## Input data
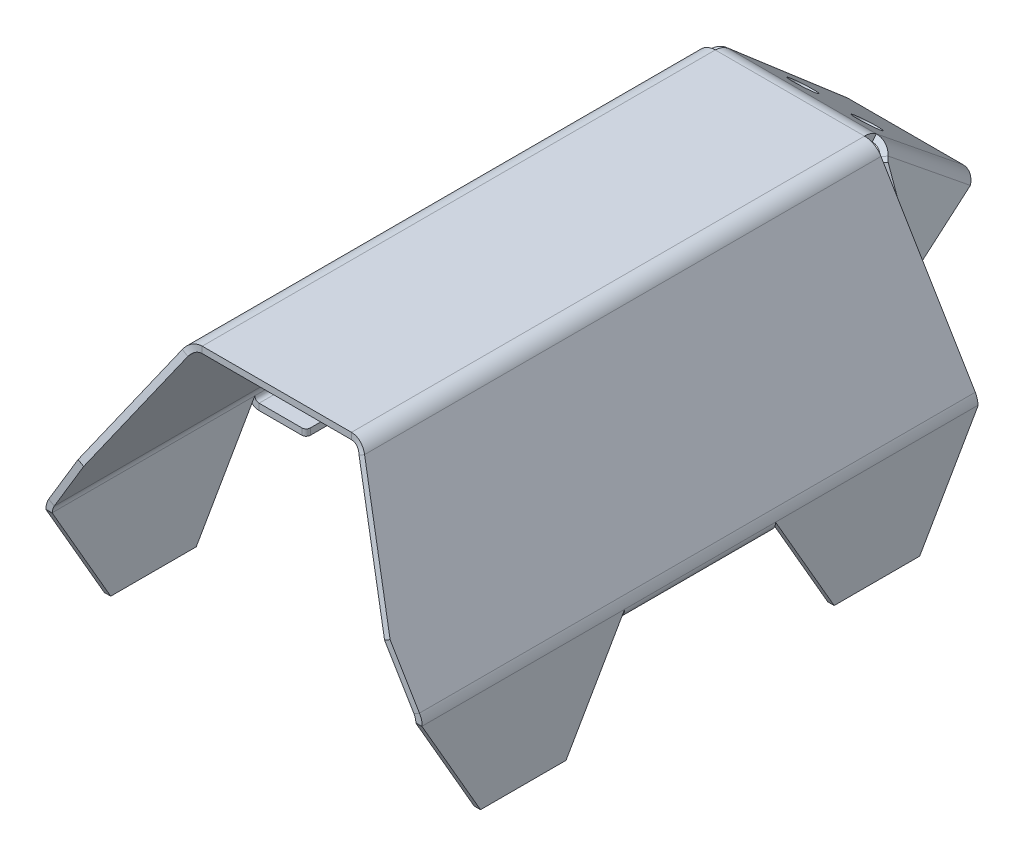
ISO-10303-21;
HEADER;
FILE_DESCRIPTION(('STEP AP214'),'2;1');
FILE_NAME('part.step','',(''),(''),'','','');
FILE_SCHEMA(('AUTOMOTIVE_DESIGN { 1 0 10303 214 1 1 1 1 }'));
ENDSEC;
DATA;
#1=APPLICATION_CONTEXT('core data for automotive mechanical design processes');
#2=APPLICATION_PROTOCOL_DEFINITION('international standard','automotive_design',2000,#1);
#3=PRODUCT_CONTEXT('',#1,'mechanical');
#4=PRODUCT('Part','Part','',(#3));
#5=PRODUCT_RELATED_PRODUCT_CATEGORY('part','',(#4));
#6=PRODUCT_DEFINITION_FORMATION('','',#4);
#7=PRODUCT_DEFINITION_CONTEXT('part definition',#1,'design');
#8=PRODUCT_DEFINITION('design','',#6,#7);
#9=PRODUCT_DEFINITION_SHAPE('','',#8);
#10=(LENGTH_UNIT() NAMED_UNIT(*) SI_UNIT(.MILLI.,.METRE.));
#11=(NAMED_UNIT(*) PLANE_ANGLE_UNIT() SI_UNIT($,.RADIAN.));
#12=(NAMED_UNIT(*) SI_UNIT($,.STERADIAN.) SOLID_ANGLE_UNIT());
#13=UNCERTAINTY_MEASURE_WITH_UNIT(LENGTH_MEASURE(1.E-05),#10,'distance_accuracy_value','');
#14=(GEOMETRIC_REPRESENTATION_CONTEXT(3) GLOBAL_UNCERTAINTY_ASSIGNED_CONTEXT((#13)) GLOBAL_UNIT_ASSIGNED_CONTEXT((#10,
#11,#12)) REPRESENTATION_CONTEXT('',''));
#15=CARTESIAN_POINT('',(0.,0.,0.));
#16=DIRECTION('',(0.,0.,1.));
#17=DIRECTION('',(1.,0.,0.));
#18=AXIS2_PLACEMENT_3D('',#15,#16,#17);
#19=CARTESIAN_POINT('',(-42.5,11.253572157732,130.));
#20=DIRECTION('',(0.,0.,1.));
#21=DIRECTION('',(1.,0.,0.));
#22=AXIS2_PLACEMENT_3D('',#19,#20,#21);
#23=PLANE('',#22);
#24=DIRECTION('',(-0.514495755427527,-0.857492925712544,0.));
#25=VECTOR('',#24,1.);
#26=CARTESIAN_POINT('',(-42.7137606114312,11.7282563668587,130.));
#27=LINE('',#26,#25);
#28=CARTESIAN_POINT('',(-35.198140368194,24.2542901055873,130.));
#29=VERTEX_POINT('',#28);
#30=CARTESIAN_POINT('',(-42.0724787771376,12.7970594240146,130.));
#31=VERTEX_POINT('',#30);
#32=EDGE_CURVE('E1079',#29,#31,#27,.T.);
#33=ORIENTED_EDGE('',*,*,#32,.F.);
#34=DIRECTION('',(-0.857492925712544,0.514495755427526,0.));
#35=VECTOR('',#34,1.);
#36=CARTESIAN_POINT('',(-36.4843797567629,25.0260337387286,130.));
#37=LINE('',#36,#35);
#38=CARTESIAN_POINT('',(-36.4843797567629,25.0260337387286,130.));
#39=VERTEX_POINT('',#38);
#40=EDGE_CURVE('E903',#39,#29,#37,.F.);
#41=ORIENTED_EDGE('',*,*,#40,.F.);
#42=DIRECTION('',(-0.514495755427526,-0.857492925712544,0.));
#43=VECTOR('',#42,1.);
#44=CARTESIAN_POINT('',(-44.,12.5,130.));
#45=LINE('',#44,#43);
#46=CARTESIAN_POINT('',(-43.3587181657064,13.5688030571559,130.));
#47=VERTEX_POINT('',#46);
#48=EDGE_CURVE('E1097',#39,#47,#45,.T.);
#49=ORIENTED_EDGE('',*,*,#48,.T.);
#50=DIRECTION('',(0.857492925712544,-0.514495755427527,0.));
#51=VECTOR('',#50,1.);
#52=CARTESIAN_POINT('',(-43.3587181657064,13.5688030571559,130.));
#53=LINE('',#52,#51);
#54=EDGE_CURVE('E13',#47,#31,#53,.T.);
#55=ORIENTED_EDGE('',*,*,#54,.T.);
#56=EDGE_LOOP('',(#33,#41,#49,#55));
#57=FACE_BOUND('',#56,.T.);
#58=ADVANCED_FACE('F154',(#57),#23,.T.);
#59=CARTESIAN_POINT('',(17.4521432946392,51.,130.));
#60=DIRECTION('',(0.,0.,1.));
#61=DIRECTION('',(1.,0.,0.));
#62=AXIS2_PLACEMENT_3D('',#59,#60,#61);
#63=PLANE('',#62);
#64=DIRECTION('',(-0.514495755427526,0.857492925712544,0.));
#65=VECTOR('',#64,1.);
#66=CARTESIAN_POINT('',(44.,12.5,130.));
#67=LINE('',#66,#65);
#68=CARTESIAN_POINT('',(43.3587181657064,13.5688030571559,130.));
#69=VERTEX_POINT('',#68);
#70=CARTESIAN_POINT('',(36.4843797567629,25.0260337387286,130.));
#71=VERTEX_POINT('',#70);
#72=EDGE_CURVE('E1094',#69,#71,#67,.T.);
#73=ORIENTED_EDGE('',*,*,#72,.T.);
#74=DIRECTION('',(0.857492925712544,0.514495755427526,0.));
#75=VECTOR('',#74,1.);
#76=CARTESIAN_POINT('',(36.4843797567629,25.0260337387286,130.));
#77=LINE('',#76,#75);
#78=CARTESIAN_POINT('',(35.198140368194,24.2542901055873,130.));
#79=VERTEX_POINT('',#78);
#80=EDGE_CURVE('E882',#71,#79,#77,.F.);
#81=ORIENTED_EDGE('',*,*,#80,.T.);
#82=DIRECTION('',(-0.514495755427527,0.857492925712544,0.));
#83=VECTOR('',#82,1.);
#84=CARTESIAN_POINT('',(42.7137606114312,11.7282563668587,130.));
#85=LINE('',#84,#83);
#86=CARTESIAN_POINT('',(42.0724787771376,12.7970594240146,130.));
#87=VERTEX_POINT('',#86);
#88=EDGE_CURVE('E1081',#87,#79,#85,.T.);
#89=ORIENTED_EDGE('',*,*,#88,.F.);
#90=DIRECTION('',(0.857492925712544,0.514495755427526,0.));
#91=VECTOR('',#90,1.);
#92=CARTESIAN_POINT('',(42.0724787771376,12.7970594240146,130.));
#93=LINE('',#92,#91);
#94=EDGE_CURVE('E1151',#87,#69,#93,.T.);
#95=ORIENTED_EDGE('',*,*,#94,.T.);
#96=EDGE_LOOP('',(#73,#81,#89,#95));
#97=FACE_BOUND('',#96,.T.);
#98=ADVANCED_FACE('F1193',(#97),#63,.T.);
#99=CARTESIAN_POINT('',(-42.7137606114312,11.7282563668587,130.));
#100=DIRECTION('',(0.857492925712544,-0.514495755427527,0.));
#101=DIRECTION('',(0.514495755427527,0.857492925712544,0.));
#102=AXIS2_PLACEMENT_3D('',#99,#100,#101);
#103=PLANE('',#102);
#104=DIRECTION('',(0.,0.,-1.));
#105=VECTOR('',#104,1.);
#106=CARTESIAN_POINT('',(-20.0246220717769,49.5434872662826,130.));
#107=LINE('',#106,#105);
#108=CARTESIAN_POINT('',(-20.0246220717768,49.5434872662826,120.795484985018));
#109=VERTEX_POINT('',#108);
#110=CARTESIAN_POINT('',(-20.0246220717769,49.5434872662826,0.));
#111=VERTEX_POINT('',#110);
#112=EDGE_CURVE('E1138',#109,#111,#107,.T.);
#113=ORIENTED_EDGE('',*,*,#112,.F.);
#114=DIRECTION('',(0.491131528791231,0.818552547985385,-0.297928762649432));
#115=VECTOR('',#114,1.);
#116=CARTESIAN_POINT('',(-42.0466625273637,12.8400865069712,134.15443035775));
#117=LINE('',#116,#115);
#118=EDGE_CURVE('E901',#29,#109,#117,.T.);
#119=ORIENTED_EDGE('',*,*,#118,.F.);
#120=ORIENTED_EDGE('',*,*,#32,.T.);
#121=DIRECTION('',(0.,0.,-1.));
#122=VECTOR('',#121,1.);
#123=CARTESIAN_POINT('',(-42.0724787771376,12.7970594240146,130.));
#124=LINE('',#123,#122);
#125=CARTESIAN_POINT('',(-42.0724787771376,12.7970594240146,0.));
#126=VERTEX_POINT('',#125);
#127=EDGE_CURVE('E1140',#31,#126,#124,.T.);
#128=ORIENTED_EDGE('',*,*,#127,.T.);
#129=DIRECTION('',(-0.514495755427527,-0.857492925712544,0.));
#130=VECTOR('',#129,1.);
#131=CARTESIAN_POINT('',(-42.7137606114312,11.7282563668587,0.));
#132=LINE('',#131,#130);
#133=EDGE_CURVE('E1028',#111,#126,#132,.T.);
#134=ORIENTED_EDGE('',*,*,#133,.F.);
#135=EDGE_LOOP('',(#113,#119,#120,#128,#134));
#136=FACE_BOUND('',#135,.T.);
#137=ADVANCED_FACE('F1199',(#136),#103,.T.);
#138=CARTESIAN_POINT('',(-17.4521432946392,48.,130.));
#139=DIRECTION('',(0.,0.,-1.));
#140=DIRECTION('',(-1.,0.,0.));
#141=AXIS2_PLACEMENT_3D('',#138,#139,#140);
#142=CYLINDRICAL_SURFACE('',#141,3.);
#143=DIRECTION('',(0.,0.,-1.));
#144=VECTOR('',#143,1.);
#145=CARTESIAN_POINT('',(-17.4521432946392,51.,130.));
#146=LINE('',#145,#144);
#147=CARTESIAN_POINT('',(-17.4521432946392,51.,120.000294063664));
#148=VERTEX_POINT('',#147);
#149=CARTESIAN_POINT('',(-17.4521432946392,51.,0.));
#150=VERTEX_POINT('',#149);
#151=EDGE_CURVE('E1135',#148,#150,#146,.T.);
#152=ORIENTED_EDGE('',*,*,#151,.F.);
#153=CARTESIAN_POINT('',(-17.4521432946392,48.,121.638160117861));
#154=DIRECTION('',(0.,-0.479190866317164,-0.877710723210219));
#155=DIRECTION('',(0.,0.877710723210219,-0.479190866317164));
#156=AXIS2_PLACEMENT_3D('',#153,#154,#155);
#157=ELLIPSE('',#156,3.41798262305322,3.);
#158=EDGE_CURVE('E869',#109,#148,#157,.T.);
#159=ORIENTED_EDGE('',*,*,#158,.F.);
#160=ORIENTED_EDGE('',*,*,#112,.T.);
#161=CARTESIAN_POINT('',(-17.4521432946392,48.,0.));
#162=DIRECTION('',(0.,0.,1.));
#163=DIRECTION('',(1.,0.,0.));
#164=AXIS2_PLACEMENT_3D('',#161,#162,#163);
#165=CIRCLE('',#164,3.);
#166=EDGE_CURVE('E1031',#150,#111,#165,.T.);
#167=ORIENTED_EDGE('',*,*,#166,.F.);
#168=EDGE_LOOP('',(#152,#159,#160,#167));
#169=FACE_BOUND('',#168,.T.);
#170=ADVANCED_FACE('F1257',(#169),#142,.F.);
#171=CARTESIAN_POINT('',(-20.,51.,130.));
#172=DIRECTION('',(0.,-1.,0.));
#173=DIRECTION('',(0.,0.,-1.));
#174=AXIS2_PLACEMENT_3D('',#171,#172,#173);
#175=PLANE('',#174);
#176=DIRECTION('',(0.,0.,-1.));
#177=VECTOR('',#176,1.);
#178=CARTESIAN_POINT('',(17.4521432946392,51.,130.));
#179=LINE('',#178,#177);
#180=CARTESIAN_POINT('',(17.4521432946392,51.,120.000294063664));
#181=VERTEX_POINT('',#180);
#182=CARTESIAN_POINT('',(17.4521432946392,51.,0.));
#183=VERTEX_POINT('',#182);
#184=EDGE_CURVE('E1132',#181,#183,#179,.T.);
#185=ORIENTED_EDGE('',*,*,#184,.F.);
#186=DIRECTION('',(1.,0.,0.));
#187=VECTOR('',#186,1.);
#188=CARTESIAN_POINT('',(-20.,51.,120.000294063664));
#189=LINE('',#188,#187);
#190=EDGE_CURVE('E890',#148,#181,#189,.T.);
#191=ORIENTED_EDGE('',*,*,#190,.F.);
#192=ORIENTED_EDGE('',*,*,#151,.T.);
#193=DIRECTION('',(1.,0.,0.));
#194=VECTOR('',#193,1.);
#195=CARTESIAN_POINT('',(-20.,51.,0.));
#196=LINE('',#195,#194);
#197=EDGE_CURVE('E1034',#183,#150,#196,.F.);
#198=ORIENTED_EDGE('',*,*,#197,.F.);
#199=EDGE_LOOP('',(#185,#191,#192,#198));
#200=FACE_BOUND('',#199,.T.);
#201=ADVANCED_FACE('F1261',(#200),#175,.T.);
#202=CARTESIAN_POINT('',(17.4521432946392,48.,130.));
#203=DIRECTION('',(0.,0.,-1.));
#204=DIRECTION('',(-1.,0.,0.));
#205=AXIS2_PLACEMENT_3D('',#202,#203,#204);
#206=CYLINDRICAL_SURFACE('',#205,3.);
#207=DIRECTION('',(0.,0.,-1.));
#208=VECTOR('',#207,1.);
#209=CARTESIAN_POINT('',(20.0246220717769,49.5434872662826,130.));
#210=LINE('',#209,#208);
#211=CARTESIAN_POINT('',(20.0246220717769,49.5434872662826,120.795484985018));
#212=VERTEX_POINT('',#211);
#213=CARTESIAN_POINT('',(20.0246220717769,49.5434872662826,0.));
#214=VERTEX_POINT('',#213);
#215=EDGE_CURVE('E1130',#212,#214,#210,.T.);
#216=ORIENTED_EDGE('',*,*,#215,.F.);
#217=CARTESIAN_POINT('',(17.4521432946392,48.,121.638160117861));
#218=DIRECTION('',(0.,-0.479190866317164,-0.877710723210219));
#219=DIRECTION('',(0.,0.877710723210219,-0.479190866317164));
#220=AXIS2_PLACEMENT_3D('',#217,#218,#219);
#221=ELLIPSE('',#220,3.41798262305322,3.);
#222=EDGE_CURVE('E874',#181,#212,#221,.T.);
#223=ORIENTED_EDGE('',*,*,#222,.F.);
#224=ORIENTED_EDGE('',*,*,#184,.T.);
#225=CARTESIAN_POINT('',(17.4521432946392,48.,0.));
#226=DIRECTION('',(0.,0.,1.));
#227=DIRECTION('',(1.,0.,0.));
#228=AXIS2_PLACEMENT_3D('',#225,#226,#227);
#229=CIRCLE('',#228,3.);
#230=EDGE_CURVE('E1036',#214,#183,#229,.T.);
#231=ORIENTED_EDGE('',*,*,#230,.F.);
#232=EDGE_LOOP('',(#216,#223,#224,#231));
#233=FACE_BOUND('',#232,.T.);
#234=ADVANCED_FACE('F1265',(#233),#206,.F.);
#235=CARTESIAN_POINT('',(42.7137606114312,11.7282563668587,130.));
#236=DIRECTION('',(-0.857492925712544,-0.514495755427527,0.));
#237=DIRECTION('',(0.514495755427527,-0.857492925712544,0.));
#238=AXIS2_PLACEMENT_3D('',#235,#236,#237);
#239=PLANE('',#238);
#240=ORIENTED_EDGE('',*,*,#88,.T.);
#241=DIRECTION('',(0.491131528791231,-0.818552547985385,0.297928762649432));
#242=VECTOR('',#241,1.);
#243=CARTESIAN_POINT('',(42.0466625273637,12.8400865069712,134.15443035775));
#244=LINE('',#243,#242);
#245=EDGE_CURVE('E879',#212,#79,#244,.T.);
#246=ORIENTED_EDGE('',*,*,#245,.F.);
#247=ORIENTED_EDGE('',*,*,#215,.T.);
#248=DIRECTION('',(-0.514495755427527,0.857492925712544,0.));
#249=VECTOR('',#248,1.);
#250=CARTESIAN_POINT('',(42.7137606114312,11.7282563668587,0.));
#251=LINE('',#250,#249);
#252=CARTESIAN_POINT('',(42.0724787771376,12.7970594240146,0.));
#253=VERTEX_POINT('',#252);
#254=EDGE_CURVE('E1039',#253,#214,#251,.T.);
#255=ORIENTED_EDGE('',*,*,#254,.F.);
#256=DIRECTION('',(0.,0.,-1.));
#257=VECTOR('',#256,1.);
#258=CARTESIAN_POINT('',(42.0724787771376,12.7970594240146,130.));
#259=LINE('',#258,#257);
#260=EDGE_CURVE('E1127',#87,#253,#259,.T.);
#261=ORIENTED_EDGE('',*,*,#260,.F.);
#262=EDGE_LOOP('',(#240,#246,#247,#255,#261));
#263=FACE_BOUND('',#262,.T.);
#264=ADVANCED_FACE('F1269',(#263),#239,.T.);
#265=CARTESIAN_POINT('',(44.,12.5,130.));
#266=DIRECTION('',(-0.857492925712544,-0.514495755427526,0.));
#267=DIRECTION('',(0.514495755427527,-0.857492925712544,0.));
#268=AXIS2_PLACEMENT_3D('',#265,#266,#267);
#269=PLANE('',#268);
#270=DIRECTION('',(0.491131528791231,-0.818552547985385,0.297928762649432));
#271=VECTOR('',#270,1.);
#272=CARTESIAN_POINT('',(43.3329019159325,13.6118301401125,134.15443035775));
#273=LINE('',#272,#271);
#274=CARTESIAN_POINT('',(21.3108614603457,50.3152308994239,120.795484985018));
#275=VERTEX_POINT('',#274);
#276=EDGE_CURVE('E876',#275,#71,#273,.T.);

## Instructions for the task
What are the lines above, starting at the one with "#171=CARTESIAN_POINT('',(-20.,51.,130.));" and ending at the one with "#179=LINE('',#178,#177);"? Give them again exactly, and only them.

## Answer section
#171=CARTESIAN_POINT('',(-20.,51.,130.));
#172=DIRECTION('',(0.,-1.,0.));
#173=DIRECTION('',(0.,0.,-1.));
#174=AXIS2_PLACEMENT_3D('',#171,#172,#173);
#175=PLANE('',#174);
#176=DIRECTION('',(0.,0.,-1.));
#177=VECTOR('',#176,1.);
#178=CARTESIAN_POINT('',(17.4521432946392,51.,130.));
#179=LINE('',#178,#177);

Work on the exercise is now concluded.